Since most of the light the early galaxies emit can only be detected at the far-infrared part of the spectrum, SPIRE made spectral and photometric observations at far-infrared and sub-millimetre wavelengths. It measured the flux of the infrared light emitted in several wavelength bands and made large-scale surveys of the sky at a high angular resolution. With this information, scientists will learn more about the spectral energy distribution of stars and galaxies and about how they formed.
Canada contributing data analysis software, personnel for the test teams and a FTS to test instrument models. Canadian scientists also participated in the SPIRE Instrument Control Centre. The University of Lethbridge wrote the software to allow researchers to process the enormous amount of data collected during observations, and transform the raw data into meaningful results such as images and spectra.
The Principal Investigator for SPIRE in Canada is Professor David Naylor at the University of Lethbridge. For more information on SPIRE, visit the Herschel-SPIRE web site at the University of Lethbridge.
Photometric Array Camera and Spectrometer (PACS)
PACS was a camera with a low- to medium-resolution spectrometer. This instrument maked it possible to probe a small area of the sky and take photos in three different colours. The Max Planck Institute for Extraterrestrial Physics is leading the consortium for PACS.
Herschel's Science Goals
Herschel was equipped with a 3.5-metres mirror, the largest ever made for a space telescope. With its giant eye, Herschel explored so-called stellar nurseries-regions of space where stars are born-to see how they develop. Since the gases inside these molecular clouds are very dense and opaque, it is impossible to peer into them using visible light. Herschel was able to detect very faint infrared radiation to provide astronomers with more information about the stages leading up to the birth of a star.

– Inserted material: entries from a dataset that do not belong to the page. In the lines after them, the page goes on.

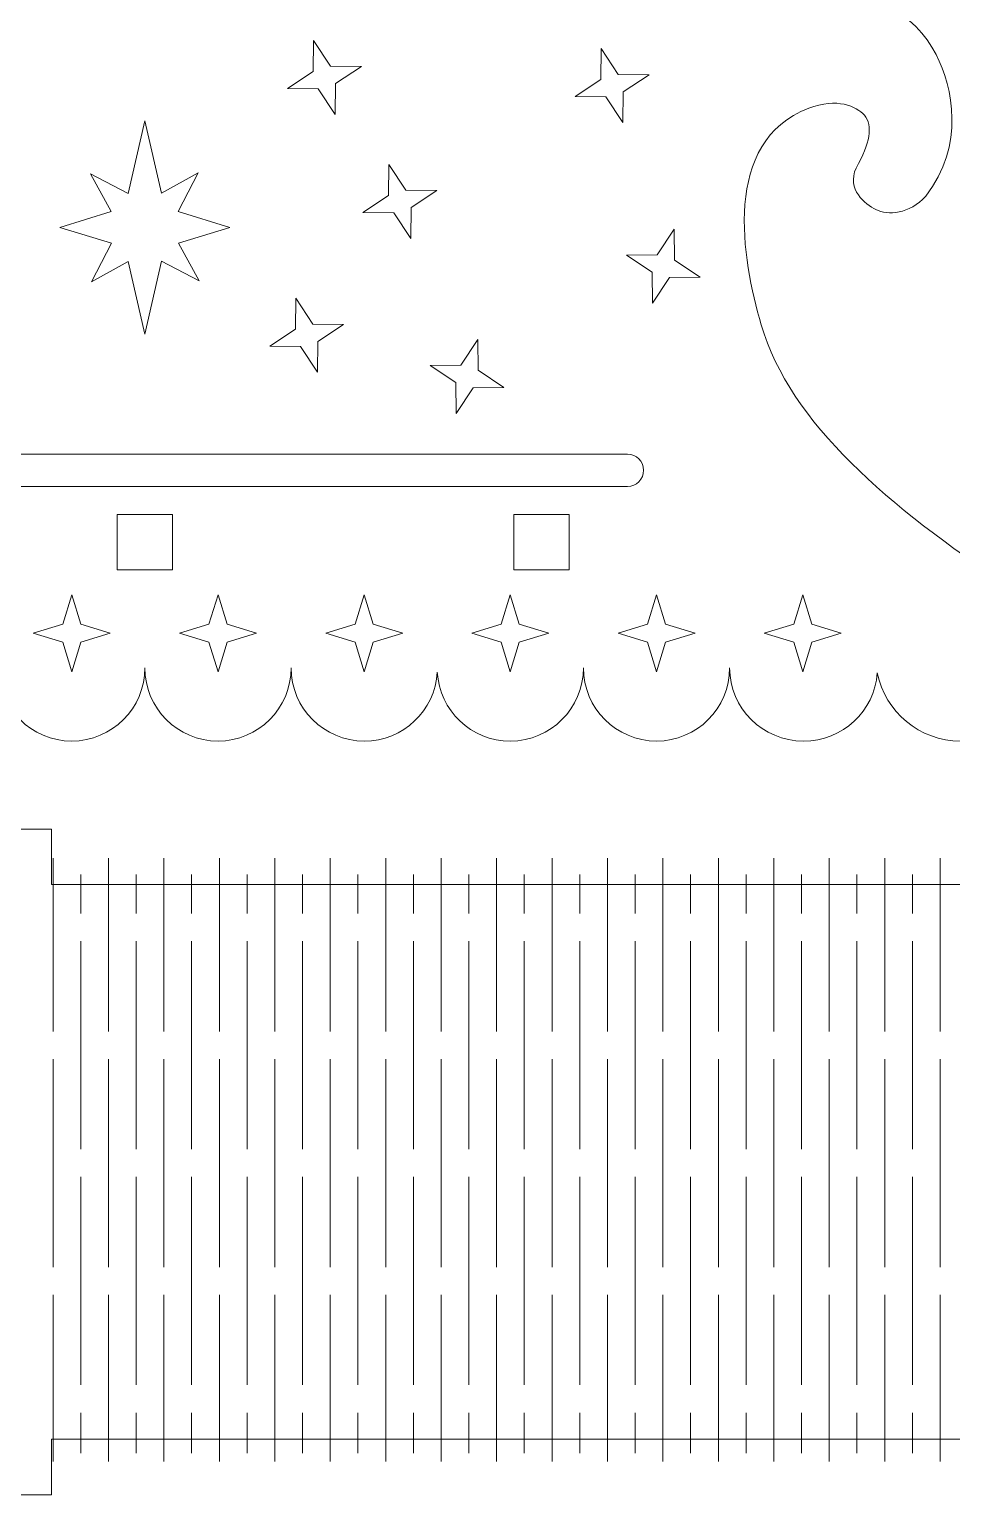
# Model space of a CAD drawing. Header units: centimetres. Extents: x -21 to 17.8, y -9.4 to 14.5.
# Drawn here: x -14.55 to -7.89, y -9.18 to 1.39 of the extents above; entities that cross this region are included whole.
import ezdxf

# ---------------------------------------------------------------- set-up
doc = ezdxf.new("R2010")
doc.units = ezdxf.units.CM
doc.header["$MEASUREMENT"] = 0
doc.layers.add('layer 1', color=7, linetype='Continuous')

msp = doc.modelspace()

# ---------------------------------------------------------------- linework, layer by layer
at = {"layer": 'layer 1', "color": 250, "lineweight": 9}
for points, knots in [([(-8.53637, 2.70419), (-8.53637, 2.70419), (-8.2356, 2.4405), (-8.2356, 2.4405), (-8.2356, 2.4405), (-7.22094, 3.59784), (-6.56722, 5.07958), (-6.45026, 6.70987), (-6.45026, 6.70987), (-6.45026, 6.70987), (-6.84924, 6.7385), (-6.84924, 6.7385), (-6.84924, 6.7385), (-6.83739, 6.90362), (-6.83135, 7.07036), (-6.83135, 7.2385), (-6.83135, 7.2385), (-6.83135, 7.40664), (-6.83739, 7.57338), (-6.84924, 7.7385), (-6.84924, 7.7385), (-6.84924, 7.7385), (-6.45026, 7.76712), (-6.45026, 7.76712), (-6.45026, 7.76712), (-6.70854, 11.36714), (-9.58405, 14.24265), (-13.18407, 14.50094), (-13.18407, 14.50094), (-13.18407, 14.50094), (-13.2127, 14.10196), (-13.2127, 14.10196), (-13.2127, 14.10196), (-13.37782, 14.11381), (-13.54456, 14.11985), (-13.7127, 14.11985), (-13.7127, 14.11985), (-13.88084, 14.11985), (-14.04758, 14.11381), (-14.2127, 14.10196), (-14.2127, 14.10196), (-14.2127, 14.10196), (-14.24133, 14.50094), (-14.24133, 14.50094), (-14.24133, 14.50094), (-17.84134, 14.24266), (-20.71686, 11.36714), (-20.97514, 7.76712), (-20.97514, 7.76712), (-20.97514, 7.76712), (-20.57617, 7.7385), (-20.57617, 7.7385), (-20.57617, 7.7385), (-20.58801, 7.57338), (-20.59405, 7.40664), (-20.59405, 7.2385), (-20.59405, 7.2385), (-20.59405, 7.07036), (-20.58801, 6.90362), (-20.57617, 6.7385), (-20.57617, 6.7385), (-20.57617, 6.7385), (-20.97514, 6.70987), (-20.97514, 6.70987), (-20.97514, 6.70987), (-20.85817, 5.07958), (-20.20446, 3.59785), (-19.1898, 2.4405), (-19.1898, 2.4405), (-19.1898, 2.4405), (-18.88903, 2.7042), (-18.88903, 2.7042), (-18.88903, 2.7042), (-18.669, 2.45323), (-18.43102, 2.21839), (-18.17708, 2.0017), (-18.17708, 2.0017), (-18.17708, 2.0017), (-18.43673, 1.69742), (-18.43673, 1.69742), (-18.43673, 1.69742), (-18.93551, 1.70855), (-19.27326, 1.49655), (-19.42137, 1.20314), (-19.42137, 1.20314), (-19.54112, 0.96593), (-19.63145, 0.55458), (-19.34669, 0.1815), (-19.34669, 0.1815), (-19.2268, 0.05302), (-19.07389, 0.04229), (-18.98548, 0.08612), (-18.98548, 0.08612), (-18.91164, 0.12273), (-18.77253, 0.23098), (-18.84401, 0.38524), (-18.84401, 0.38524), (-18.94223, 0.56103), (-18.9688, 0.69196), (-18.90351, 0.76532), (-18.90351, 0.76532), (-18.84595, 0.83001), (-18.70637, 0.89494), (-18.5027, 0.81651), (-18.5027, 0.81651), (-17.87093, 0.57594), (-18.02098, -0.27176), (-18.15902, -0.74442), (-18.15902, -0.74442), (-18.36718, -1.45712), (-19.08965, -2.06401), (-19.93655, -2.62312), (-19.93655, -2.62312), (-20.0852, -2.70235), (-20.21192, -2.90297), (-20.21192, -3.13317), (-20.21192, -3.13317), (-20.21192, -3.47218), (-19.9371, -3.747), (-19.59809, -3.747), (-19.59809, -3.747), (-19.30118, -3.747), (-19.0535, -3.5362), (-18.99657, -3.2561), (-18.99657, -3.2561), (-18.97755, -3.53036), (-18.74672, -3.747), (-18.46478, -3.747), (-18.46478, -3.747), (-18.17039, -3.747), (-17.93173, -3.51079), (-17.93173, -3.21941), (-17.93173, -3.21941), (-17.93173, -3.51079), (-17.69552, -3.747), (-17.40414, -3.747), (-17.40414, -3.747), (-17.11276, -3.747), (-16.87655, -3.51079), (-16.87655, -3.21941), (-16.87655, -3.21941), (-16.87655, -3.51079), (-16.64035, -3.747), (-16.34897, -3.747), (-16.34897, -3.747), (-16.06764, -3.747), (-15.83772, -3.5268), (-15.82221, -3.24935), (-15.82221, -3.24935), (-15.8067, -3.52679), (-15.57679, -3.747), (-15.29546, -3.747), (-15.29546, -3.747), (-15.00408, -3.747), (-14.76787, -3.51079), (-14.76787, -3.21941), (-14.76787, -3.21941), (-14.76787, -3.51079), (-14.53166, -3.747), (-14.24029, -3.747), (-14.24029, -3.747), (-13.94891, -3.747), (-13.7127, -3.51079), (-13.7127, -3.21941), (-13.7127, -3.21941), (-13.7127, -3.51079), (-13.47649, -3.747), (-13.18511, -3.747), (-13.18511, -3.747), (-12.89374, -3.747), (-12.65753, -3.51079), (-12.65753, -3.21941), (-12.65753, -3.21941), (-12.65753, -3.51079), (-12.42132, -3.747), (-12.12994, -3.747), (-12.12994, -3.747), (-11.84861, -3.747), (-11.6187, -3.52679), (-11.60319, -3.24935), (-11.60319, -3.24935), (-11.58768, -3.5268), (-11.35776, -3.747), (-11.07643, -3.747), (-11.07643, -3.747), (-10.78505, -3.747), (-10.54885, -3.51079), (-10.54885, -3.21941), (-10.54885, -3.21941), (-10.54885, -3.51079), (-10.31264, -3.747), (-10.02126, -3.747), (-10.02126, -3.747), (-9.72988, -3.747), (-9.49367, -3.51079), (-9.49367, -3.21941), (-9.49367, -3.21941), (-9.49367, -3.51079), (-9.25501, -3.747), (-8.96062, -3.747), (-8.96062, -3.747), (-8.67868, -3.747), (-8.44785, -3.53036), (-8.42883, -3.2561), (-8.42883, -3.2561), (-8.3719, -3.5362), (-8.12422, -3.747), (-7.82731, -3.747), (-7.82731, -3.747), (-7.4883, -3.747), (-7.21348, -3.47218), (-7.21348, -3.13317), (-7.21348, -3.13317), (-7.21348, -2.90297), (-7.3402, -2.70235), (-7.48885, -2.62312), (-7.48885, -2.62312), (-8.33575, -2.06401), (-9.05822, -1.45712), (-9.26638, -0.74442), (-9.26638, -0.74442), (-9.40442, -0.27176), (-9.55447, 0.57594), (-8.9227, 0.81651), (-8.9227, 0.81651), (-8.71903, 0.89494), (-8.57945, 0.83001), (-8.52189, 0.76532), (-8.52189, 0.76532), (-8.4566, 0.69196), (-8.48317, 0.56103), (-8.58139, 0.38524), (-8.58139, 0.38524), (-8.65287, 0.23098), (-8.51376, 0.12273), (-8.43992, 0.08612), (-8.43992, 0.08612), (-8.35151, 0.04229), (-8.1986, 0.05302), (-8.07871, 0.1815), (-8.07871, 0.1815), (-7.79395, 0.55458), (-7.88428, 0.96593), (-8.00403, 1.20314), (-8.00403, 1.20314), (-8.15214, 1.49655), (-8.48989, 1.70855), (-8.98867, 1.69742), (-8.98867, 1.69742), (-8.98867, 1.69742), (-9.24832, 2.0017), (-9.24832, 2.0017), (-9.24832, 2.0017), (-8.99439, 2.21838), (-8.7564, 2.45323), (-8.53637, 2.70419)], [0, 0, 0, 0, 0.01538462, 0.01538462, 0.01538462, 0.01538462, 0.03076923, 0.03076923, 0.03076923, 0.03076923, 0.04615385, 0.04615385, 0.04615385, 0.04615385, 0.06153846, 0.06153846, 0.06153846, 0.06153846, 0.07692308, 0.07692308, 0.07692308, 0.07692308, 0.09230769, 0.09230769, 0.09230769, 0.09230769, 0.10769231, 0.10769231, 0.10769231, 0.10769231, 0.12307692, 0.12307692, 0.12307692, 0.12307692, 0.13846154, 0.13846154, 0.13846154, 0.13846154, 0.15384615, 0.15384615, 0.15384615, 0.15384615, 0.16923077, 0.16923077, 0.16923077, 0.16923077, 0.18461538, 0.18461538, 0.18461538, 0.18461538, 0.2, 0.2, 0.2, 0.2, 0.21538462, 0.21538462, 0.21538462, 0.21538462, 0.23076923, 0.23076923, 0.23076923, 0.23076923, 0.24615385, 0.24615385, 0.24615385, 0.24615385, 0.26153846, 0.26153846, 0.26153846, 0.26153846, 0.27692308, 0.27692308, 0.27692308, 0.27692308, 0.29230769, 0.29230769, 0.29230769, 0.29230769, 0.30769231, 0.30769231, 0.30769231, 0.30769231, 0.32307692, 0.32307692, 0.32307692, 0.32307692, 0.33846154, 0.33846154, 0.33846154, 0.33846154, 0.35384615, 0.35384615, 0.35384615, 0.35384615, 0.36923077, 0.36923077, 0.36923077, 0.36923077, 0.38461538, 0.38461538, 0.38461538, 0.38461538, 0.4, 0.4, 0.4, 0.4, 0.41538462, 0.41538462, 0.41538462, 0.41538462, 0.43076923, 0.43076923, 0.43076923, 0.43076923, 0.44615385, 0.44615385, 0.44615385, 0.44615385, 0.46153846, 0.46153846, 0.46153846, 0.46153846, 0.47692308, 0.47692308, 0.47692308, 0.47692308, 0.49230769, 0.49230769, 0.49230769, 0.49230769, 0.50769231, 0.50769231, 0.50769231, 0.50769231, 0.52307692, 0.52307692, 0.52307692, 0.52307692, 0.53846154, 0.53846154, 0.53846154, 0.53846154, 0.55384615, 0.55384615, 0.55384615, 0.55384615, 0.56923077, 0.56923077, 0.56923077, 0.56923077, 0.58461538, 0.58461538, 0.58461538, 0.58461538, 0.6, 0.6, 0.6, 0.6, 0.61538462, 0.61538462, 0.61538462, 0.61538462, 0.63076923, 0.63076923, 0.63076923, 0.63076923, 0.64615385, 0.64615385, 0.64615385, 0.64615385, 0.66153846, 0.66153846, 0.66153846, 0.66153846, 0.67692308, 0.67692308, 0.67692308, 0.67692308, 0.69230769, 0.69230769, 0.69230769, 0.69230769, 0.70769231, 0.70769231, 0.70769231, 0.70769231, 0.72307692, 0.72307692, 0.72307692, 0.72307692, 0.73846154, 0.73846154, 0.73846154, 0.73846154, 0.75384615, 0.75384615, 0.75384615, 0.75384615, 0.76923077, 0.76923077, 0.76923077, 0.76923077, 0.78461538, 0.78461538, 0.78461538, 0.78461538, 0.8, 0.8, 0.8, 0.8, 0.81538462, 0.81538462, 0.81538462, 0.81538462, 0.83076923, 0.83076923, 0.83076923, 0.83076923, 0.84615385, 0.84615385, 0.84615385, 0.84615385, 0.86153846, 0.86153846, 0.86153846, 0.86153846, 0.87692308, 0.87692308, 0.87692308, 0.87692308, 0.89230769, 0.89230769, 0.89230769, 0.89230769, 0.90769231, 0.90769231, 0.90769231, 0.90769231, 0.92307692, 0.92307692, 0.92307692, 0.92307692, 0.93846154, 0.93846154, 0.93846154, 0.93846154, 0.95384615, 0.95384615, 0.95384615, 0.95384615, 0.96923077, 0.96923077, 0.96923077, 0.96923077, 1, 1, 1, 1]), ([(-12.49598, 1.30422), (-12.49598, 1.30422), (-12.37323, 1.11885), (-12.37323, 1.11885), (-12.37323, 1.11885), (-12.37323, 1.11885), (-12.15092, 1.11636), (-12.15092, 1.11636), (-12.15092, 1.11636), (-12.15092, 1.11636), (-12.33629, 0.99361), (-12.33629, 0.99361), (-12.33629, 0.99361), (-12.33629, 0.99361), (-12.33878, 0.7713), (-12.33878, 0.7713), (-12.33878, 0.7713), (-12.33878, 0.7713), (-12.46153, 0.95667), (-12.46153, 0.95667), (-12.46153, 0.95667), (-12.46153, 0.95667), (-12.68384, 0.95916), (-12.68384, 0.95916), (-12.68384, 0.95916), (-12.68384, 0.95916), (-12.49847, 1.08191), (-12.49847, 1.08191), (-12.49847, 1.08191), (-12.49847, 1.08191), (-12.49598, 1.30422), (-12.49598, 1.30422)], [0, 0, 0, 0, 0.11111111, 0.11111111, 0.11111111, 0.11111111, 0.22222222, 0.22222222, 0.22222222, 0.22222222, 0.33333333, 0.33333333, 0.33333333, 0.33333333, 0.44444444, 0.44444444, 0.44444444, 0.44444444, 0.55555556, 0.55555556, 0.55555556, 0.55555556, 0.66666667, 0.66666667, 0.66666667, 0.66666667, 0.77777778, 0.77777778, 0.77777778, 0.77777778, 1, 1, 1, 1]), ([(-10.42065, 1.24606), (-10.42065, 1.24606), (-10.2979, 1.06069), (-10.2979, 1.06069), (-10.2979, 1.06069), (-10.2979, 1.06069), (-10.07559, 1.0582), (-10.07559, 1.0582), (-10.07559, 1.0582), (-10.07559, 1.0582), (-10.26096, 0.93545), (-10.26096, 0.93545), (-10.26096, 0.93545), (-10.26096, 0.93545), (-10.26345, 0.71314), (-10.26345, 0.71314), (-10.26345, 0.71314), (-10.26345, 0.71314), (-10.3862, 0.89851), (-10.3862, 0.89851), (-10.3862, 0.89851), (-10.3862, 0.89851), (-10.60851, 0.901), (-10.60851, 0.901), (-10.60851, 0.901), (-10.60851, 0.901), (-10.42314, 1.02375), (-10.42314, 1.02375), (-10.42314, 1.02375), (-10.42314, 1.02375), (-10.42065, 1.24606), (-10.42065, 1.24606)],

Herschel explored how the first galaxies formed and evolved into their present state. It investigated how stars are created and their interaction with the interstellar medium. It observed the chemical composition of comets, as well as the atmospheres and surfaces of planets and satellites, and examined the molecular chemistry of the Universe.
What is infrared light?
Infrared light is a type of light that is not visible to the naked eye. It is very useful to astronomers because it gives them precious information on the amount of heat produced by an object. That means that scientists have access to information that would otherwise be hidden.
Thanks to infrared light, astronomers can investigate stars, galaxies, and other celestial bodies by peaking through dust clouds and other molecules, which would otherwise obstruct their vision.
Congratulations to the Herschel Space Telescope's SPIRE team on winning the 2013 Sir Arthur Clarke Award for Academic Study and Research!